Elizabeth of York (February 11, 1466 – February 11, 1503) was Queen of England from her marriage to King Henry VII on 18 January 1486 until her death. Elizabeth married Henry after his victory at the Battle of Bosworth Field, which marked the end of the Wars of the Roses. Together, they had seven children.

Elizabeth’s younger brothers, the “Princes in the Tower”, mysteriously disappeared shortly after the death of her father, King Edward IV. Although the 1484 act of Parliament Titulus Regius declared the marriage of her parents, Edward and Elizabeth Woodville, invalid, she and her sisters were subsequently welcomed back to court by Edward’s brother, King Richard III. As a Yorkist princess, the final victory of the Lancastrian faction in the Wars of the Roses may have seemed a further disaster, but Henry Tudor knew the importance of Yorkist support for his invasion and promised to marry Elizabeth before he arrived in England. This may well have contributed to the haemorrhaging of Yorkist support for Richard.

Although Elizabeth seems to have played little part in politics, her marriage appears to have been a successful and happy one. Her eldest son Arthur, Prince of Wales, died at age 15 in 1502, and three other children died young. Her second, and only surviving, son became King Henry VIII of England, while her daughters Mary and Margaret became queens of France and of Scotland, respectively; many modern royals, including Queen Elizabeth II of the United Kingdom trace their line through Margaret.

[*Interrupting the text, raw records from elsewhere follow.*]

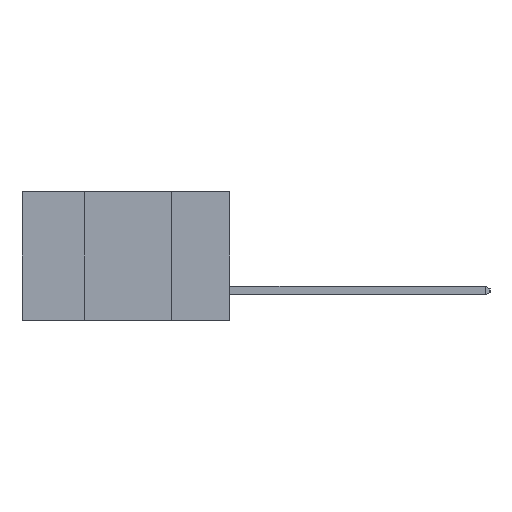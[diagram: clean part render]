
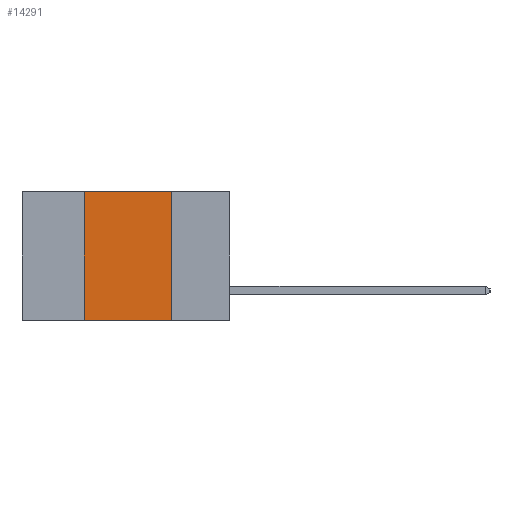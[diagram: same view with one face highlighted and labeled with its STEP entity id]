
A CAD part, left-side view. The second image highlights one B-rep face of the part: STEP entity #14291.
In plain terms, the highlighted planar face has unit normal (-1, 0, 0).
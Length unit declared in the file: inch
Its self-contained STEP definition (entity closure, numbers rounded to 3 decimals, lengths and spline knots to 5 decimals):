
#460 = CARTESIAN_POINT ( 'NONE',  ( 0., 0.17, 0. ) ) ;
#803 = CARTESIAN_POINT ( 'NONE',  ( 0., 0.6, 0. ) ) ;
#1721 = ORIENTED_EDGE ( 'NONE', *, *, #9267, .T. ) ;
#2260 = VERTEX_POINT ( 'NONE', #7746 ) ;
#2290 = DIRECTION ( 'NONE',  ( 0., 0., -1. ) ) ;
#3575 = ORIENTED_EDGE ( 'NONE', *, *, #17350, .F. ) ;
#3629 = ORIENTED_EDGE ( 'NONE', *, *, #14555, .F. ) ;
#4297 = DIRECTION ( 'NONE',  ( 0., -1., 0. ) ) ;
#5673 = AXIS2_PLACEMENT_3D ( 'NONE', #803, #10984, #2290 ) ;
#5918 = LINE ( 'NONE', #17262, #17303 ) ;
#6665 = PLANE ( 'NONE',  #5673 ) ;
#6751 = VERTEX_POINT ( 'NONE', #10862 ) ;
#6837 = EDGE_CURVE ( 'NONE', #16600, #2260, #18234, .T. ) ;
#6902 = VECTOR ( 'NONE', #9603, 39.37008 ) ;
#7414 = VECTOR ( 'NONE', #12296, 39.37008 ) ;
#7746 = CARTESIAN_POINT ( 'NONE',  ( 0., 0.17, -0.37 ) ) ;
#7939 = CARTESIAN_POINT ( 'NONE',  ( 0., 0.6, 0. ) ) ;
#8733 = DIRECTION ( 'NONE',  ( 0., 0., 1. ) ) ;
#9267 = EDGE_CURVE ( 'NONE', #6751, #2260, #16071, .T. ) ;
#9603 = DIRECTION ( 'NONE',  ( 0., 0., -1. ) ) ;
#10027 = CARTESIAN_POINT ( 'NONE',  ( 0., 0.6, -0.37 ) ) ;
#10236 = CARTESIAN_POINT ( 'NONE',  ( 0., 0.17, -0.37 ) ) ;
#10862 = CARTESIAN_POINT ( 'NONE',  ( 0., 0.42, -0.37 ) ) ;
#10984 = DIRECTION ( 'NONE',  ( 1., 0., 0. ) ) ;
#12257 = VECTOR ( 'NONE', #4297, 39.37008 ) ;
#12296 = DIRECTION ( 'NONE',  ( 0., -1., 0. ) ) ;
#12851 = ORIENTED_EDGE ( 'NONE', *, *, #6837, .F. ) ;
#14247 = FACE_OUTER_BOUND ( 'NONE', #15558, .T. ) ;
#14291 = ADVANCED_FACE ( 'NONE', ( #14247 ), #6665, .F. ) ;
#14555 = EDGE_CURVE ( 'NONE', #6751, #18238, #5918, .T. ) ;
#15516 = LINE ( 'NONE', #7939, #7414 ) ;
#15558 = EDGE_LOOP ( 'NONE', ( #12851, #3575, #3629, #1721 ) ) ;
#15968 = CARTESIAN_POINT ( 'NONE',  ( 0., 0.42, 0. ) ) ;
#16071 = LINE ( 'NONE', #10027, #12257 ) ;
#16600 = VERTEX_POINT ( 'NONE', #460 ) ;
#17262 = CARTESIAN_POINT ( 'NONE',  ( 0., 0.42, -0.37 ) ) ;
#17303 = VECTOR ( 'NONE', #8733, 39.37008 ) ;
#17350 = EDGE_CURVE ( 'NONE', #18238, #16600, #15516, .T. ) ;
#18234 = LINE ( 'NONE', #10236, #6902 ) ;
#18238 = VERTEX_POINT ( 'NONE', #15968 ) ;

In 1469, aged three, she was briefly betrothed to George Neville. His father John later supported George’s uncle, the Earl of Warwick, in rebellion against King Edward IV, and the betrothal was called off. In 1475, Louis XI agreed to the marriage of nine-year-old Elizabeth of York to his son Charles, the Dauphin of France. In 1482, however, Louis XI reneged on his promise. She was named a Lady of the Garter in 1477, at age eleven, along with her mother and her paternal aunt Elizabeth of York, Duchess of Suffolk.

Wife of the king

As the eldest daughter of Edward IV with no surviving brothers, Elizabeth of York had a strong claim to the throne in her own right, but she did not assume the throne as queen regnant. There was no queen regnant until 1553, when her granddaughter, Mary I, acceded to the throne; the last attempt a female had made at ruling in her own right resulted in disaster when the mother and first cousin once removed of Henry II of England fought bitterly for the throne in the 12th century. Though initially slow to keep his promise, Henry VII acknowledged the necessity of marrying Elizabeth of York to ensure the stability of his rule and weaken the claims of other surviving members of the House of York. It seems Henry wished to be seen as ruling in his own right, having claimed the throne by right of conquest and not by his marriage to the de facto heiress of the House of York. He had no intention of sharing power. He consequently chose to be crowned on 30 October 1485, before his marriage.

Henry VII had the Act of Titulus Regius repealed, thereby legitimising anew the children of Edward IV, and acknowledging Edward V as his predecessor. Though Richard III was regarded as a usurper, his reign was not ignored. Henry and Elizabeth required a papal dispensation to wed because of Canon Law frowning upon ‘affinity”: Both were descended from John of Gaunt or his older brother Lionel in the 4th degree, an issue that had caused much dispute and bloodshed as to which claim was superior. Two applications were sent, the first more locally, and the second one was slow in reaching Rome and slow to return with the response of the Pope. Ultimately, however, the marriage was approved by papal bull of Pope Innocent VIII dated March 1486 (one month after the wedding) stating that the Pope and his advisors “approveth confirmyth and stablishyth the matrimonye and coniuncion made betwene our sou[er]ayn lord King Henre the seuenth of the house of Lancastre of that one party And the noble Princesse Elyzabeth of the house of Yorke.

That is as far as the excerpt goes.